I wanted to document the steps that are necessary to transform the Adafruit Bluetooth LE Friend (https://www.adafruit.com/product/2267) to an passive Bluetooth 4.0 Low Energy Sniffer device. This sniffer can be used to monitor the bluetooth communication between 2 LE devices. Which makes it a useful and cheap tool for security research and development.
The Bluetooth LE Friend comes in 2 versions – one with a preinstalled Bootloader, Softdevice and Application to control the on-board Nordic nRF51822 chipset using AT Commands. This Is already really useful for prototyping your own bluetooth applications. It supports OTA updates and Adafruit provides an Android application together with some demo projects.
As mentioned, Adafruit offers the same hardware in a Sniffer version, which comes with custom Sniffer firmware from Nordic preinstalled.
Flashing the Nordic Firmware on the BLE Friend
So, you own a BLE Friend, want to Sniff Bluetooth Traffic and don’t want to spend another 24$+shipping for the Sniffer version? Flash your BLE Friend!
You’ll need:
- The sniffer firmware in version 1.0.1
- SWD Programmer (In this example, we are using the STLink V2)
- openocd installed
- Adafruits Adalink Tool
Step 1: Wire up your programmer
I’m using the STLink V2 SWD programmer (the white box).
You need to connect 4 lines to it.
- Ground (Blue)
- Target Voltage for sensing (Green)
- SWCLK (Purple)
- SWDIO (Grey)
Now, you need to connect those lines to the SWD connection pads on the bottom of the PCB of your LE Friend. Soldering them on is the fasted way in my opinion.
Note that we don not need to connect the reset pin – the reset is done via the SWDIO line.
Step 2: Prepare
For simplicity, you’ll flash the LE Friend using Adalink. (https://github.com/adafruit/Adafruit_Adalink). Adalink is a python wrapper for OpenOCD that abstracts away the complexity of OpenOCD – which is good and bad a the same time.
on osx:
$ git clone https://github.com/adafruit/Adafruit_Adalink.git $ cd Adafruit_Adalink $ virtualenv --python $(which python2.7) venv $ source venv/bin/activate $ pip install click
There are 2 files that we need to collect:
- The Booloader (https://raw.githubusercontent.com/adafruit/Adafruit_BluefruitLE_Firmware/03110f6819d2e8c0928ce1f3879df22dab562447/bootloader/bootloader_0002.hex)

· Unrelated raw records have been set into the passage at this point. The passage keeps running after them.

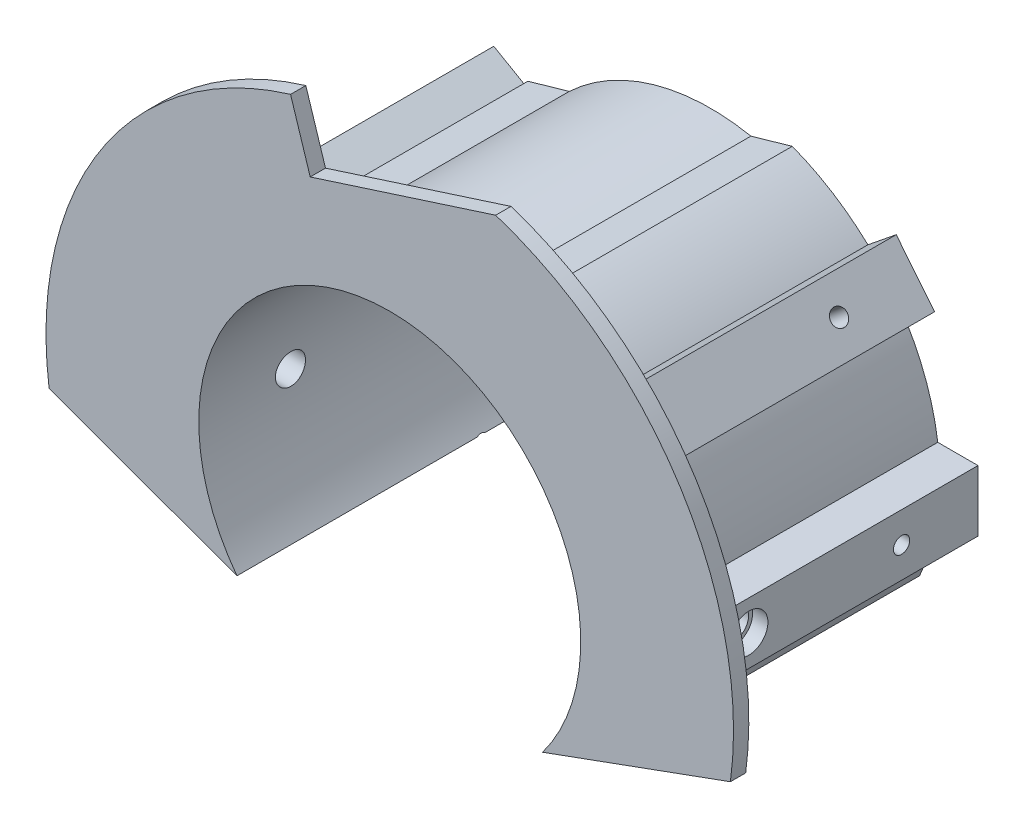
from build123d import *
from build123d.topology import SkipClean

# Parameters (mm, degrees)
BOSS_EXTRUDE1_DEPTH        = 50.8
BOSS_EXTRUDE2_START        = 34.925
SKETCH2_W                  = 50.8
SKETCH2_H                  = 10.16
BOSS_EXTRUDE2_DEPTH        = 9.525
BOSS_EXTRUDE3_START        = -34.925
SKETCH2_3_W                = 50.8
SKETCH2_3_H                = 10.16
BOSS_EXTRUDE3_DEPTH        = 9.525
F_6_32_TAPPED_HOLE1_D      = 2.7051
SKETCH7_R                  = 2.5
CUT_EXTRUDE1_DEPTH         = 110.249531019
SKETCH8_R                  = 3.175
CUT_EXTRUDE2_DEPTH         = 2.54
CUT_EXTRUDE3_START         = -86.36
SKETCH8_2_R                = 3.175
CUT_EXTRUDE3_DEPTH         = 2.54
CUT_EXTRUDE4_DEPTH         = 78.511628283
SKETCH11_W                 = 50.8
SKETCH11_H                 = 10.16
BOSS_EXTRUDE4_DEPTH        = 8.89
SKETCH12_W                 = 50.8
SKETCH12_H                 = 7.595567884
BOSS_EXTRUDE5_DEPTH        = 8.89
F_6_32_TAPPED_HOLE2_D      = 2.7051
F_6_32_TAPPED_HOLE3_REACH  = 107.105
F_6_32_TAPPED_HOLE3_BORE_R = 1.35255
BOSS_EXTRUDE6_DEPTH        = 2.54
CUT_EXTRUDE6_START         = -2.54
CUT_EXTRUDE6_DEPTH         = 2.54


# Read off the part's stored shape, not the designer's step: Cut-Extrude6
with BuildPart() as part:
    # Sketch1 → Boss-Extrude1 (new body)
    with BuildSketch(Plane.XY):
        with BuildLine():
            Line((-25.4, -19.05), (-34.736620143, -15.651748179))
            ThreePointArc((-34.736620143, -15.651748179), (0, 38.1), (34.736620143, -15.651748179))
            Line((34.736620143, -15.651748179), (25.4, -19.05))
            ThreePointArc((25.4, -19.05), (0, 31.75), (-25.4, -19.05))
        make_face()
    extrude(amount=BOSS_EXTRUDE1_DEPTH)

    # Sketch2 → Boss-Extrude2 (add)
    with BuildSketch(Plane(origin=(0, 0, 0), x_dir=(0, 0, -1), z_dir=(1, 0, 0)).offset(BOSS_EXTRUDE2_START)):
        with Locations((-25.4, 0)):
            Rectangle(SKETCH2_W, SKETCH2_H)
    extrude(amount=BOSS_EXTRUDE2_DEPTH)

    # Sketch2<3> → Boss-Extrude3 (add)
    with BuildSketch(Plane(origin=(0, 0, 0), x_dir=(0, 0, -1), z_dir=(1, 0, 0)).offset(BOSS_EXTRUDE3_START)):
        with Locations((-25.4, 0)):
            Rectangle(SKETCH2_3_W, SKETCH2_3_H)
    extrude(amount=-BOSS_EXTRUDE3_DEPTH)

    # #6-32 Tapped Hole1 (through all)
    with Locations(Plane(origin=(44.45, 0, 0), x_dir=(0, 0, -1), z_dir=(1, 0, 0))):
        with Locations((-12.7, 0)):
            Hole(F_6_32_TAPPED_HOLE1_D / 2)

    # Sketch7 → Cut-Extrude1 (cut, through all)
    with BuildSketch(Plane(origin=(44.45, 0, 0), x_dir=(0, 0, -1), z_dir=(1, 0, 0))):
        with Locations((-38.1, 0)):
            Circle(SKETCH7_R)
    extrude(amount=-CUT_EXTRUDE1_DEPTH, mode=Mode.SUBTRACT)

    # Sketch8 → Cut-Extrude2 (cut)
    with BuildSketch(Plane(origin=(44.45, 0, 0), x_dir=(0, 0, -1), z_dir=(1, 0, 0))):
        with Locations((-38.1, 0)):
            Circle(SKETCH8_R)
    extrude(amount=-CUT_EXTRUDE2_DEPTH, mode=Mode.SUBTRACT)

    # Sketch8<2> → Cut-Extrude3 (cut)
    with BuildSketch(Plane(origin=(44.45, 0, 0), x_dir=(0, 0, -1), z_dir=(1, 0, 0)).offset(CUT_EXTRUDE3_START)):
        with Locations((-38.1, 0)):
            Circle(SKETCH8_2_R)
    extrude(amount=-CUT_EXTRUDE3_DEPTH, mode=Mode.SUBTRACT)

    # Sketch9 → Cut-Extrude4 (cut, through all)
    with BuildSketch(Plane.XY.offset(50.8)):
        with BuildLine():
            Line((6.699064553, 33.629252655), (17.438088821, 36.708618311))
            ThreePointArc((17.438088821, 36.708618311), (-11.20190214, 39.065675323), (-34.240942031, 21.889894674))
            Line((-34.240942031, 21.889894674), (-23.501917764, 24.96926033))
            ThreePointArc((-23.501917764, 24.96926033), (-9.451604931, 32.961663554), (6.699064553, 33.629252655))
        make_face()
    extrude(amount=-CUT_EXTRUDE4_DEPTH, mode=Mode.SUBTRACT)

    # Sketch11 → Boss-Extrude4 (add)
    with BuildSketch(Plane(origin=(27.141822704, 21.979014657, 0), x_dir=(0, 0, -1), z_dir=(0.77714596145697, 0.6293203910498384, 0))):
        with Locations((-25.4, 0)):
            Rectangle(SKETCH11_W, SKETCH11_H)
    extrude(amount=BOSS_EXTRUDE4_DEPTH)

    # Sketch12 → Boss-Extrude5 (add)
    with BuildSketch(Plane(origin=(-30.245937227, 17.4625, 0), x_dir=(0, 0, 1), z_dir=(-0.8660254037844417, 0.4999999999999946, 0))):
        with Locations((25.4, 0)):
            Rectangle(SKETCH12_W, SKETCH12_H)
    extrude(amount=BOSS_EXTRUDE5_DEPTH)

    # #6-32 Tapped Hole2 (through all)
    with Locations(Plane(origin=(34.050650301, 27.573672934, 0), x_dir=(0, 0, -1), z_dir=(0.7771459614569701, 0.6293203910498384, 0))):
        with Locations((-12.7, 0)):
            Hole(F_6_32_TAPPED_HOLE2_D / 2)

    # #6-32 Tapped Hole3 bore → #6-32 Tapped Hole3 (cut, up to next)
    with BuildSketch(Plane(origin=(-37.944903067, 21.9075, 0), x_dir=(0, 0, 1), z_dir=(-0.8660254037844414, 0.4999999999999951, 0)), mode=Mode.PRIVATE) as f_6_32_tapped_hole3_sk1:
        with Locations((12.7, 0)):
            Circle(F_6_32_TAPPED_HOLE3_BORE_R)
    f_6_32_tapped_hole3_tool1 = extrude(f_6_32_tapped_hole3_sk1.sketch, amount=-F_6_32_TAPPED_HOLE3_REACH, mode=Mode.PRIVATE) & part.part
    add(f_6_32_tapped_hole3_tool1.solids().sort_by_distance((-37.944903, 21.9075, 12.7))[0], mode=Mode.SUBTRACT)

    # Sketch18 → Boss-Extrude6 (add)
    with SkipClean():  # the faces are left unmerged after this step: merging them gives an invalid solid
        with BuildSketch(Plane.XY.offset(50.8)):
            with BuildLine():
                Line((25.4, -19.05), (56.631243544, -7.682756971))
                ThreePointArc((56.631243544, -7.682756971), (0, 57.15), (-56.631243544, -7.682756971))
                Line((-56.631243544, -7.682756971), (-25.4, -19.05))
                ThreePointArc((-25.4, -19.05), (0, 31.75), (25.4, -19.05))
            make_face()
        extrude(amount=BOSS_EXTRUDE6_DEPTH)

    # Cut-Extrude6 outline → Cut-Extrude6 (cut)
    with SkipClean():  # the faces are left unmerged after this step: merging them gives an invalid solid
        with BuildSketch(Plane.XY.offset(53.34).offset(CUT_EXTRUDE6_START)):
            with BuildLine():
                Line((-16.491428664, 54.718874994), (-13.224275773, 44.4624488))
                Line((-13.224275773, 44.4624488), (17.608042575, 54.369838483))
                ThreePointArc((17.608042575, 54.369838483), (0.584947244, 57.147006367), (-16.491428664, 54.718874994))
            make_face()
        extrude(amount=CUT_EXTRUDE6_DEPTH, mode=Mode.SUBTRACT)


solid = part.part

- The Sniffer Firmware (https://raw.githubusercontent.com/adafruit/Adafruit_BluefruitLE_Firmware/03110f6819d2e8c0928ce1f3879df22dab562447/sniffer/1.0.1/ble-sniffer_nRF51822_1.0.1_1111_Sniffer_No32kHz.hex)
Save those files – you’ll need them in the next step.
Step 3: Flash the firmware
Connect your Programmer with your computer and Plug the LE Friend into USB – This powers the nrf51 – the programmer alone does not provide any power to the LE Friend.
With adalink, we can simply run
$ adalink nrf51822 \
--programmer stlink \
--wipe \
--program-hex path/to/the/bootloader_0002.hex \
--program-hex path/to/the/ble-sniffer_nRF51822_1.0.1_1111_Sniffer_No32kHz.hex
As I said, I’m not a big fan of abstracting complicated tasks away from the Hacker: A look under the hood of Adalink reveals what it does. Based on your programmer, it loads the necessary target and board configuration (the -f flags) and executes a bunch of commands (the -c flags). The call above results in 2 subprocess calls:
1: The wipe command in adalink for the stlink adapter:
$ openocd -f interface/stlink-v2.cfg \
-f target/nrf51.cfg \
-c init \
-c "reset init" \
-c halt \
-c "nrf51 mass_erase" \
-c exit
This clears the flash memory. After the wipe is done, it loads the bootloader and the sniffer program
$ openocd \ -f interface/stlink-v2.cfg \ -f target/nrf51.cfg \ -c init \ -c "reset init" \ -c halt \ -c "flash write_image /abs/path/to/bootloader_0002.hex 0 ihex" \ -c "flash write_image /abs/path/to/ble-sniffer_nRF51822_1.0.1_1111_Sniffer_No32kH.hex 0 ihex" \ -c "reset run" \ -c exit
If everything worked, the Bluefruit LE should boot with the sniffer firmware after the reset and you should see the blue led flickering – this indicates that you were successful.